(TASK REQUIREMENTS)
Go to the line containing "P_cal1 : METI_Lib_vehicle_model/P_cal" in the records below and print it and every following line exactly, on through the line containing "T_TMTH_PNT_CVTF_K/1 -> K->degC6/1(K)", then stop.

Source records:
*** Begin section ***

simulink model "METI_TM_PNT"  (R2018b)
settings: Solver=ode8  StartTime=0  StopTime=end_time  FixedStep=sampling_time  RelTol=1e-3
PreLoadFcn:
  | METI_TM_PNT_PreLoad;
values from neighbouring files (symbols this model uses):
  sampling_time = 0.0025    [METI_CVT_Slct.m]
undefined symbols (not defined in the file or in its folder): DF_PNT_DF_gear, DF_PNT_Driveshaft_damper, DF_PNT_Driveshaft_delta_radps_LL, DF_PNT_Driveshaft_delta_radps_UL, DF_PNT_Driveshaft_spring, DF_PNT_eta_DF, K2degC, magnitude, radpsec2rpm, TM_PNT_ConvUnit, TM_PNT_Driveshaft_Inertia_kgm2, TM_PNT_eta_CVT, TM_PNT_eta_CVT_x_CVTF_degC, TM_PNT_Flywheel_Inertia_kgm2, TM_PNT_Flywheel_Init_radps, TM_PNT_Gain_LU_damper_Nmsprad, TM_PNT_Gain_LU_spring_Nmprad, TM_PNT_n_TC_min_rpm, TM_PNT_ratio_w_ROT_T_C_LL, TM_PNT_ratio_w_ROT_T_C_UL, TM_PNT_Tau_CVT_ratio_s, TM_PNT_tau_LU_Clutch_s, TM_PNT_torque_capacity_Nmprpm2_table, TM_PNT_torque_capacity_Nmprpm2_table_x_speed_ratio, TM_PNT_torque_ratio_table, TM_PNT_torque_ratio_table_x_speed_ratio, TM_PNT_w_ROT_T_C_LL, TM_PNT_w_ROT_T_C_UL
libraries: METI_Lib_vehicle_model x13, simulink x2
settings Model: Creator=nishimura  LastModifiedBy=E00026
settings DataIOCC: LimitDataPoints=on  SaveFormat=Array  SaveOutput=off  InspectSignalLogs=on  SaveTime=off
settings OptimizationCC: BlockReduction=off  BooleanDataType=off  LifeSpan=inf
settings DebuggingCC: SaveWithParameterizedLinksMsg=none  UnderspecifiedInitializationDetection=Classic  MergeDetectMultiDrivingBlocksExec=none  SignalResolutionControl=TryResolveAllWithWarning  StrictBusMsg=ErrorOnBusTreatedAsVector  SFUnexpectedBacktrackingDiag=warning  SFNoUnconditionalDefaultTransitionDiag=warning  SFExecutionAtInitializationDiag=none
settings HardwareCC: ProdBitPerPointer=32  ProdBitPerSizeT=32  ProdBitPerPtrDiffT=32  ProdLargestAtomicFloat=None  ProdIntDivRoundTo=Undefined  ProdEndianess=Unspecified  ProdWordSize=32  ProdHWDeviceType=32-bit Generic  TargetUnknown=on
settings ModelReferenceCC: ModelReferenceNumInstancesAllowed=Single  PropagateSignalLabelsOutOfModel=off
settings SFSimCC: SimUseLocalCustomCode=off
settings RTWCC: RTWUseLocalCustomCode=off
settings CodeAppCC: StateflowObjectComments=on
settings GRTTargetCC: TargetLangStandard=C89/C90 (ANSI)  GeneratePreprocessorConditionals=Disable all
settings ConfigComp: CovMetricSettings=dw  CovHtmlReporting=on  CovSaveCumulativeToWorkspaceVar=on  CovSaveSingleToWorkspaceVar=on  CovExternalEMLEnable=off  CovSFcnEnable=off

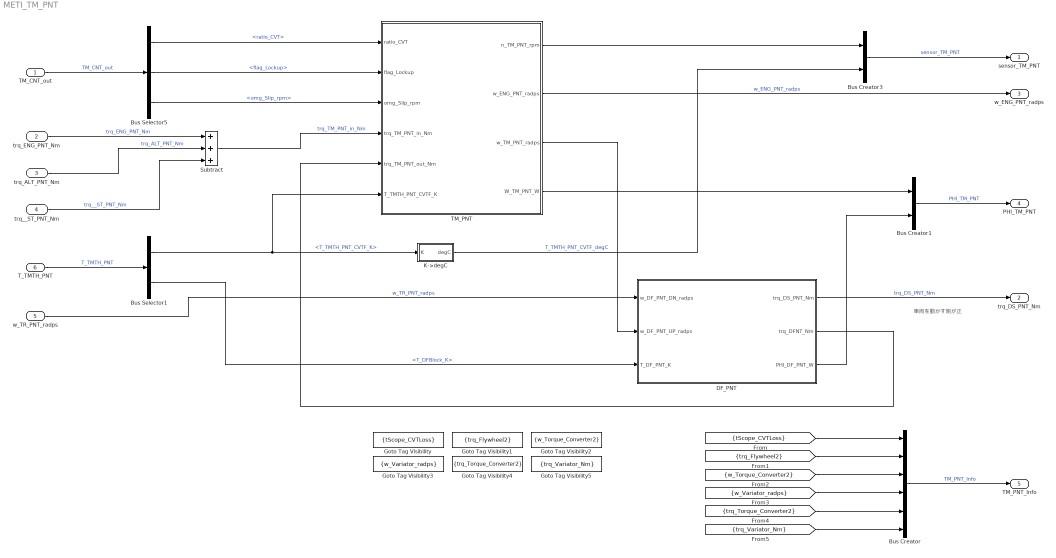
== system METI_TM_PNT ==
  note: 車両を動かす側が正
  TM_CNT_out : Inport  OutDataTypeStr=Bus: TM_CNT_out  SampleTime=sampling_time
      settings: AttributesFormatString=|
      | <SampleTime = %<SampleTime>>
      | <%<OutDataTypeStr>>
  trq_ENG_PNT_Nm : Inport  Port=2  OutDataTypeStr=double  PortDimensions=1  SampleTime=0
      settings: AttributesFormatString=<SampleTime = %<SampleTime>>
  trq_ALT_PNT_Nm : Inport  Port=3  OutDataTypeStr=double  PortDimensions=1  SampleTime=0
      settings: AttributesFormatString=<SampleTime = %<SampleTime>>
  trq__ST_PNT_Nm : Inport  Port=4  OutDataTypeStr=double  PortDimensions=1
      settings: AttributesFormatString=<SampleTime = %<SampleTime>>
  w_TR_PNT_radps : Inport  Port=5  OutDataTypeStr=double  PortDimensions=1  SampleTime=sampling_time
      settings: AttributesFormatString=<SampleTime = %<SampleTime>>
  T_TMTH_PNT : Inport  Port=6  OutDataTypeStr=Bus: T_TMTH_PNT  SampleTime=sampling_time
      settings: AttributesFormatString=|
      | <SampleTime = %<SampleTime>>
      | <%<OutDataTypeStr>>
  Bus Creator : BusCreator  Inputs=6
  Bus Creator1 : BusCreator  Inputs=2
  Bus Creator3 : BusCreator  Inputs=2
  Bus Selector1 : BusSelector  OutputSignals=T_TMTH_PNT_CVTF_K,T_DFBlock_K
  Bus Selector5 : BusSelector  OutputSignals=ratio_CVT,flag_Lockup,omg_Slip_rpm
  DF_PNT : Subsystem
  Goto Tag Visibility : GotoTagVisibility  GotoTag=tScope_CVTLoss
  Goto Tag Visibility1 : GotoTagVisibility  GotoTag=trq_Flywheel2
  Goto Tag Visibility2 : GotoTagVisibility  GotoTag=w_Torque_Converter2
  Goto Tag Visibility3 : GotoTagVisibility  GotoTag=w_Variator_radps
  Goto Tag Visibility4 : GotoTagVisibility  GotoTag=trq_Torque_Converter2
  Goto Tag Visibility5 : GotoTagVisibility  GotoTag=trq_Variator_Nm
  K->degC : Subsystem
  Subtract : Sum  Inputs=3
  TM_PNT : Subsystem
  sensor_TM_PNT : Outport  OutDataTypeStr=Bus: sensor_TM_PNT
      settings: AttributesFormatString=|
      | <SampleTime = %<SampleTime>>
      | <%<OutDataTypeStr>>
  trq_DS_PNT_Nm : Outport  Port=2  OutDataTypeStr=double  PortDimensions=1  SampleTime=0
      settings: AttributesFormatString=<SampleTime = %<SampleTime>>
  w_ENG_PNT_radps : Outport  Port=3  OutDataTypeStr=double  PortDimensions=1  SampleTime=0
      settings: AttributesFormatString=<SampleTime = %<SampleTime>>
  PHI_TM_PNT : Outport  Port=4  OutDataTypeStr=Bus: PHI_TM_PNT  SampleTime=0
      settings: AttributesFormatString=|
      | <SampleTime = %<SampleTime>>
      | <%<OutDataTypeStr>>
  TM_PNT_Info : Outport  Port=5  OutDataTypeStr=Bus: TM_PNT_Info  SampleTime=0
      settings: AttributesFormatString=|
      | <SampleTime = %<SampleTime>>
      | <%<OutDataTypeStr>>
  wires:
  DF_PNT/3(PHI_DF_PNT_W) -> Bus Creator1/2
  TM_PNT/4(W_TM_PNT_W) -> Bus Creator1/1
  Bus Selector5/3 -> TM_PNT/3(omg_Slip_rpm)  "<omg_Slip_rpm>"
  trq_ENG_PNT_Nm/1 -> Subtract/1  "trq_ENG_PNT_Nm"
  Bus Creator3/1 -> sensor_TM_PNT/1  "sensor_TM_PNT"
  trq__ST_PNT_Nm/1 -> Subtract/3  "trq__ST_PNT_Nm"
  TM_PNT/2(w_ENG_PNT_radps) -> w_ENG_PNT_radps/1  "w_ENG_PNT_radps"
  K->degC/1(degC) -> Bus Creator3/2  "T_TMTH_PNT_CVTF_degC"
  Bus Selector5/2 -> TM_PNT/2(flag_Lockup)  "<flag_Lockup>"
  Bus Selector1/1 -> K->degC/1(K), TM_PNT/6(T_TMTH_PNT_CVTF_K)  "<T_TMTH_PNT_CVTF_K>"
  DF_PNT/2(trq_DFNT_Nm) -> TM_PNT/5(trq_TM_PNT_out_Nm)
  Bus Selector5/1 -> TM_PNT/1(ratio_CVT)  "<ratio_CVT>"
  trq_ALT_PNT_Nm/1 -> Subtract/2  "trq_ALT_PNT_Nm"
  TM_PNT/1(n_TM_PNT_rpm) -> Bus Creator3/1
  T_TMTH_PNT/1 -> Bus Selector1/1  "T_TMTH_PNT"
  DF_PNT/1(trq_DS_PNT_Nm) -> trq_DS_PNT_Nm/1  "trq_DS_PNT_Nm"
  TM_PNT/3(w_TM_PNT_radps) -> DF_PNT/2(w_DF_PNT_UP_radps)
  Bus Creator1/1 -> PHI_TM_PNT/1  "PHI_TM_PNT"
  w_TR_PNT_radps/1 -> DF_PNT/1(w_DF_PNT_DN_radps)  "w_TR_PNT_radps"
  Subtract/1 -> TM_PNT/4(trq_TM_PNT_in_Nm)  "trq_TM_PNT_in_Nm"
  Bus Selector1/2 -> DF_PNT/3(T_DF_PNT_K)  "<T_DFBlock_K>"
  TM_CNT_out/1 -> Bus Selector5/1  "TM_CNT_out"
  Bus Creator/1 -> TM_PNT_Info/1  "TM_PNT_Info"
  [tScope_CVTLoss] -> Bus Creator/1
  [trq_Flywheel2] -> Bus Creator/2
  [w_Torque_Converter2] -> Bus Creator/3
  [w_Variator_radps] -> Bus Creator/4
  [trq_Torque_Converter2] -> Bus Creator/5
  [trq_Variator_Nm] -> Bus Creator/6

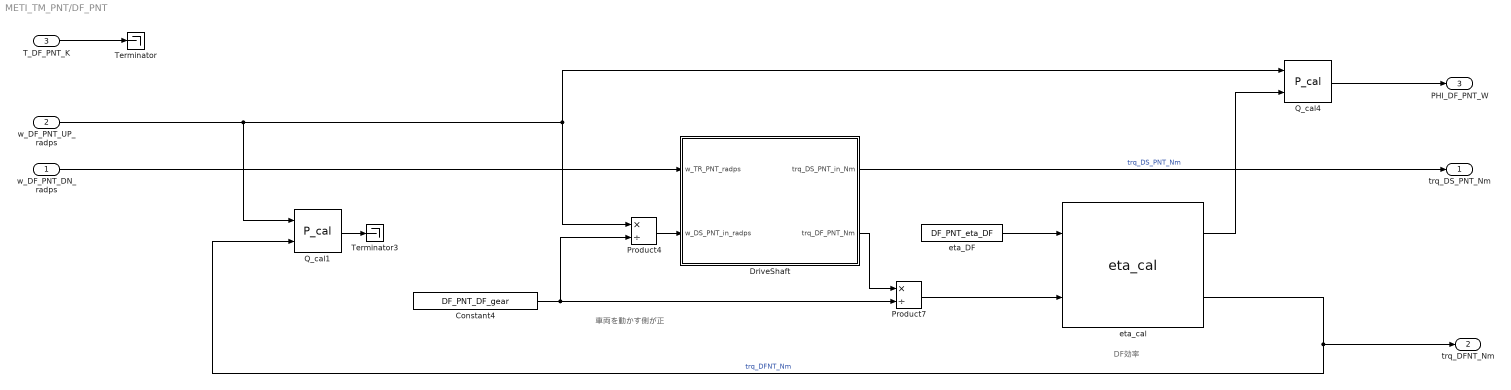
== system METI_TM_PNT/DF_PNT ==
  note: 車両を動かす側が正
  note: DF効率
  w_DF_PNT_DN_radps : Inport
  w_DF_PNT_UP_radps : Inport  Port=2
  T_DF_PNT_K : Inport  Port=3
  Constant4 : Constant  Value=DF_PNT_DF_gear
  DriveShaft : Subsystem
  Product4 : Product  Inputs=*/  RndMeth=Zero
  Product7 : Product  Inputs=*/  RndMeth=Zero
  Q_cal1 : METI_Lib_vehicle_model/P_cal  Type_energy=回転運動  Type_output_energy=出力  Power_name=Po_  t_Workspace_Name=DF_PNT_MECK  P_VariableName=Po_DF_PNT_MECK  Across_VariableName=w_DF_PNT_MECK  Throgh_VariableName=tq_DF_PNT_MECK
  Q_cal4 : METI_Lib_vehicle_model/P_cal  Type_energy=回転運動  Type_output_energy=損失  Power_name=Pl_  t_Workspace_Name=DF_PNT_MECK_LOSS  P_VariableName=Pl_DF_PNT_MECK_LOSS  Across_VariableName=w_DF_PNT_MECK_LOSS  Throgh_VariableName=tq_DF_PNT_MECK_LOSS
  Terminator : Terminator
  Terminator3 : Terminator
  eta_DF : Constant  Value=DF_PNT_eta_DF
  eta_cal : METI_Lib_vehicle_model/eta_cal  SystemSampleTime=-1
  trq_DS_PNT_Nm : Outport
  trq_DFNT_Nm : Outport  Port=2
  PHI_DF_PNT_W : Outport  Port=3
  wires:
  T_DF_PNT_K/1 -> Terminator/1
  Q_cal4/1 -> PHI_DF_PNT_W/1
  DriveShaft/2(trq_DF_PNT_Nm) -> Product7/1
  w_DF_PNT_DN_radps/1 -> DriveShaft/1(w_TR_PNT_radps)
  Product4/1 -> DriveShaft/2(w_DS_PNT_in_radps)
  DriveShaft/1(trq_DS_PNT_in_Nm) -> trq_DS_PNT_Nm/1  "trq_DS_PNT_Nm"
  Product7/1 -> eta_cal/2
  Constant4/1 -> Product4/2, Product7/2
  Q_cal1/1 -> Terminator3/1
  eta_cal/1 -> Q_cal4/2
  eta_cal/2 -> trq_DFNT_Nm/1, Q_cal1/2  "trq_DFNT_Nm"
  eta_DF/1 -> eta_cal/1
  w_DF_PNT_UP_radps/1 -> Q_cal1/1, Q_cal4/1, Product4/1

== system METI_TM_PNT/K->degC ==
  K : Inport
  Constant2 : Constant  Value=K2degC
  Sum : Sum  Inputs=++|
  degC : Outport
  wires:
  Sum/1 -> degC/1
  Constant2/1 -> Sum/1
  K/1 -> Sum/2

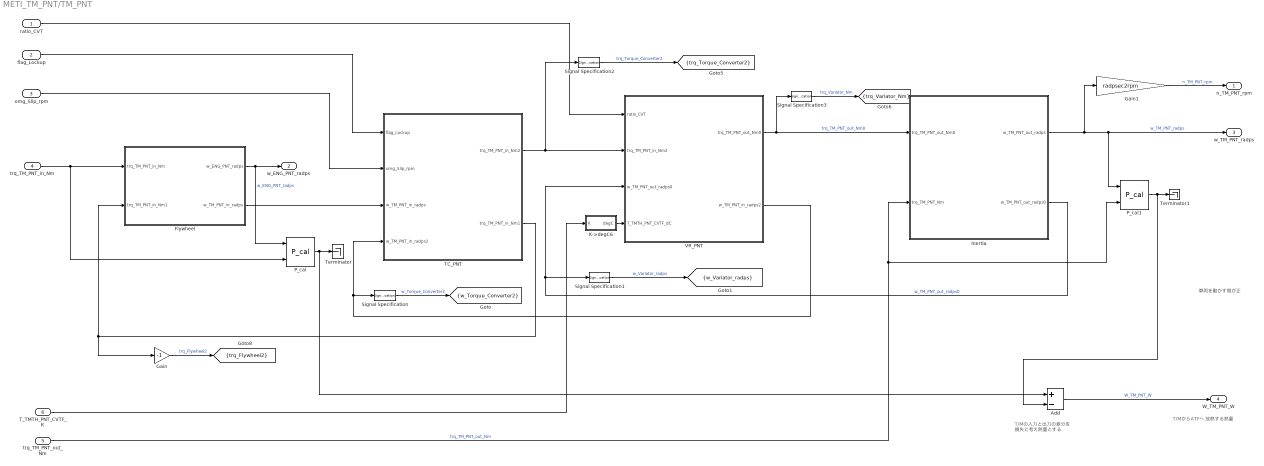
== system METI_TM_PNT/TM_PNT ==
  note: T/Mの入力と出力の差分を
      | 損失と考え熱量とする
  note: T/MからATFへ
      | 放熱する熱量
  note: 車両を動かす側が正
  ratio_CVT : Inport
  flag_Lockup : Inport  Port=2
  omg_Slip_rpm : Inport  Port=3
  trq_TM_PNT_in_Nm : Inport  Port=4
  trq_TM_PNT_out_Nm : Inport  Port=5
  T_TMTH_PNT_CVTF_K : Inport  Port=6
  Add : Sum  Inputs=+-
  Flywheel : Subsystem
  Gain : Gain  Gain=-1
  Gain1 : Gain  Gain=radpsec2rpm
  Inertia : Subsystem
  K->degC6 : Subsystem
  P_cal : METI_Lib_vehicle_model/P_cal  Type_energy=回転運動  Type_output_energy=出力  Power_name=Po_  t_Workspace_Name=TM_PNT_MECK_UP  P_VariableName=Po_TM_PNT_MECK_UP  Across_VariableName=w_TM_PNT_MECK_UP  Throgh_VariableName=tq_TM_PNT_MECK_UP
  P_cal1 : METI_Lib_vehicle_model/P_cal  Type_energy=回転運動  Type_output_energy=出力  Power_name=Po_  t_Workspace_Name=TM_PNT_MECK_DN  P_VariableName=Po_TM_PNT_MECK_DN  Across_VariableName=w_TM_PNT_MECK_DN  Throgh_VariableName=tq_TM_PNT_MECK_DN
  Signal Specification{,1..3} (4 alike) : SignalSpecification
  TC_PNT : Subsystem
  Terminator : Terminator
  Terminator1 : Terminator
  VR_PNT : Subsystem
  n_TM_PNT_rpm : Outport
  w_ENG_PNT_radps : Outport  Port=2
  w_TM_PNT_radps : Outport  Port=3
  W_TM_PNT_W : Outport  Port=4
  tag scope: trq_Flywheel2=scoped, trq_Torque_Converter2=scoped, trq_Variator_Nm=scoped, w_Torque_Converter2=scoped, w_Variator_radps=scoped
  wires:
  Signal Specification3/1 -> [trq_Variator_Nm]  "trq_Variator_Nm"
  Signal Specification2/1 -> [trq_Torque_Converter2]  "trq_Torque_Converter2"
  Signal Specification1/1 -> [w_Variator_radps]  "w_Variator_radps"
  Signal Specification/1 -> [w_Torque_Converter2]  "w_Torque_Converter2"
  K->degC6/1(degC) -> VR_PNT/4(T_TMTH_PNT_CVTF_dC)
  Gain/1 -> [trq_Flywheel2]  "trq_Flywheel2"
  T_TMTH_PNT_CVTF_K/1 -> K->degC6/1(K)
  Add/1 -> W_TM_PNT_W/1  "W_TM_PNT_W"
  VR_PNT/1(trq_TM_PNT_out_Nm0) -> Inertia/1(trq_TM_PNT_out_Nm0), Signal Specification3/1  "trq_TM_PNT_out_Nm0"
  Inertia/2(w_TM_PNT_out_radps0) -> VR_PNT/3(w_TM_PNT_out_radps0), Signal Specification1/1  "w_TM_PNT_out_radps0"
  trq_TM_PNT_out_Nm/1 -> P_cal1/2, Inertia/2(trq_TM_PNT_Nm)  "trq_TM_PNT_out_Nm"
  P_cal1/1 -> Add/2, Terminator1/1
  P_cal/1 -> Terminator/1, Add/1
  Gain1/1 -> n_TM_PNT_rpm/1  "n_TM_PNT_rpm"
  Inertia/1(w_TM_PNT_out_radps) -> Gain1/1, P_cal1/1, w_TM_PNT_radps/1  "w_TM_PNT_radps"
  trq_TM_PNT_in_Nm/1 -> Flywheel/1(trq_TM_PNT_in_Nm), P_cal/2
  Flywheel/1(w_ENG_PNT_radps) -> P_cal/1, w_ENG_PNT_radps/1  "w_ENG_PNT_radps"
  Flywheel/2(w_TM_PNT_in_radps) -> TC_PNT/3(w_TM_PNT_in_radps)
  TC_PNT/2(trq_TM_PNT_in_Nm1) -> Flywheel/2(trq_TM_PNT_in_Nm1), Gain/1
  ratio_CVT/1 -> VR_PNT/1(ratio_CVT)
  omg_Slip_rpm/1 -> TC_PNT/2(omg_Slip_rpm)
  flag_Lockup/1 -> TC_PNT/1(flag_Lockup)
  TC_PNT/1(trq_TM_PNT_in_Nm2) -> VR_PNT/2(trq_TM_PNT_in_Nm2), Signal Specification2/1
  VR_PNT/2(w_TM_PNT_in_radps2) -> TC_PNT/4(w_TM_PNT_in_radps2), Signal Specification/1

*** End section ***

(YOUR RESPONSE)
  P_cal1 : METI_Lib_vehicle_model/P_cal  Type_energy=回転運動  Type_output_energy=出力  Power_name=Po_  t_Workspace_Name=TM_PNT_MECK_DN  P_VariableName=Po_TM_PNT_MECK_DN  Across_VariableName=w_TM_PNT_MECK_DN  Throgh_VariableName=tq_TM_PNT_MECK_DN
  Signal Specification{,1..3} (4 alike) : SignalSpecification
  TC_PNT : Subsystem
  Terminator : Terminator
  Terminator1 : Terminator
  VR_PNT : Subsystem
  n_TM_PNT_rpm : Outport
  w_ENG_PNT_radps : Outport  Port=2
  w_TM_PNT_radps : Outport  Port=3
  W_TM_PNT_W : Outport  Port=4
  tag scope: trq_Flywheel2=scoped, trq_Torque_Converter2=scoped, trq_Variator_Nm=scoped, w_Torque_Converter2=scoped, w_Variator_radps=scoped
  wires:
  Signal Specification3/1 -> [trq_Variator_Nm]  "trq_Variator_Nm"
  Signal Specification2/1 -> [trq_Torque_Converter2]  "trq_Torque_Converter2"
  Signal Specification1/1 -> [w_Variator_radps]  "w_Variator_radps"
  Signal Specification/1 -> [w_Torque_Converter2]  "w_Torque_Converter2"
  K->degC6/1(degC) -> VR_PNT/4(T_TMTH_PNT_CVTF_dC)
  Gain/1 -> [trq_Flywheel2]  "trq_Flywheel2"
  T_TMTH_PNT_CVTF_K/1 -> K->degC6/1(K)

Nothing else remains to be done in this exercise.